For Czech and European companies, the perspective on sovereign AI is particularly relevant: EU countries, including the Czech Republic, are investing in their own AI capacity to avoid complete dependence on American cloud platforms. The architecture proposed by SambaNova and Intel could be a suitable foundation for such deployments — especially where sensitive data processing is required without moving to a foreign cloud.
Direct availability of SambaNova products in the Czech Republic is not yet confirmed — the company operates primarily through enterprise channels and cloud partners. Intel Xeon 6 processors are, of course, standardly available on the global market, including in the Czech Republic.
End of the "one chip for everything" era?
The partnership between SambaNova and Intel is part of a broader trend: AI hardware is ceasing to be monolithic. Similar to the history of the server market, where specialized chips emerged for networking, data storage, or encryption, AI inference is also dividing into specialized components. GPUs will remain strong for training and prefill, but specialized architectures will increasingly compete for decode and agentic orchestration.
Nvidia currently holds a dominant position — and that's why numbers like "5× faster than B200" or "8× lower costs" are so interesting. If SambaNova delivers on these numbers in production conditions (not just in lab tests), the balance of power in AI data centers could truly begin to shift.
What is an RDU chip and how does it differ from a GPU?
RDU (Reconfigurable Dataflow Unit) is a specialized AI accelerator developed by SambaNova. Unlike GPUs, which are designed for massive parallel operations (such as training or the prefill phase of inference), RDU is optimized for sequential token generation (the decode phase) with low latency and high memory efficiency.
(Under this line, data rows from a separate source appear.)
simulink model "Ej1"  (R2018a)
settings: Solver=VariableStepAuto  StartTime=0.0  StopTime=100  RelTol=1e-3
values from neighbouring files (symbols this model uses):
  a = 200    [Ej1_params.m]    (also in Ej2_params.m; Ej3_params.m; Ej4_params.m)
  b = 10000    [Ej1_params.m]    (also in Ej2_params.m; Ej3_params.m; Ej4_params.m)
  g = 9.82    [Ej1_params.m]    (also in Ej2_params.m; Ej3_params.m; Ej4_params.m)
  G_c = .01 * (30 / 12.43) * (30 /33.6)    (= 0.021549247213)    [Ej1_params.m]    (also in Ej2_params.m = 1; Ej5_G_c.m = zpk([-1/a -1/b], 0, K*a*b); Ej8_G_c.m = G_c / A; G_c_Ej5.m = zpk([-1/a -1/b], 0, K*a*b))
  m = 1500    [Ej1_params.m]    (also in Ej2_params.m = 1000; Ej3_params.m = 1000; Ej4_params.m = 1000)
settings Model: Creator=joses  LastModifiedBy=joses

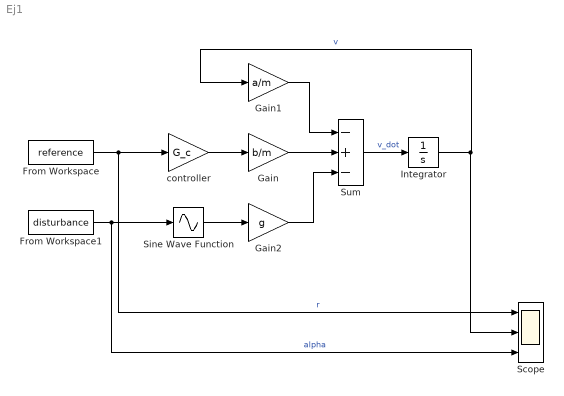
== system Ej1 ==
  From Workspace : FromWorkspace  VariableName=reference  SampleTime=.01
  From Workspace1 : FromWorkspace  VariableName=disturbance  SampleTime=.01
  Gain : Gain  Gain=b/m
  Gain1 : Gain  Gain=a/m
  Gain2 : Gain  Gain=g
  Integrator : Integrator
  Scope : Scope  NumInputPorts=3
  Sine Wave Function : Sin  TimeSource=Use external signal  SampleTime=0
  Sum : Sum  Inputs=-+-
  controller : Gain  Gain=G_c
  wires:
  Sum/1 -> Integrator/1  "v_dot"
  Gain/1 -> Sum/2
  Gain1/1 -> Sum/1
  Integrator/1 -> Scope/2, Gain1/1  "v"
  controller/1 -> Gain/1
  From Workspace/1 -> controller/1, Scope/1  "r"
  Sine Wave Function/1 -> Gain2/1
  From Workspace1/1 -> Scope/3, Sine Wave Function/1  "alpha"
  Gain2/1 -> Sum/3

The key is the Dataflow architecture, which maps computations directly onto the chip and minimizes unnecessary data transfers.
What does "agentic AI" mean and why does it need different hardware?
Agentic AI refers to systems that not only answer questions but autonomously plan and execute actions — running code, calling APIs, searching databases, compiling results, and repeating this cycle. Unlike simple chatbots, they require constant switching between text generation and real-world operations. This pattern burdens GPUs inefficiently — which is why SambaNova and Intel propose specializing each layer for a different type of processor.
When will this solution be available and for whom is it intended?
Production availability is planned for the second half of 2026. The solution primarily targets large enterprises, cloud providers, and national (sovereign) AI programs. For smaller companies or individual developers, cloud services built on this infrastructure will be more relevant than direct hardware purchase.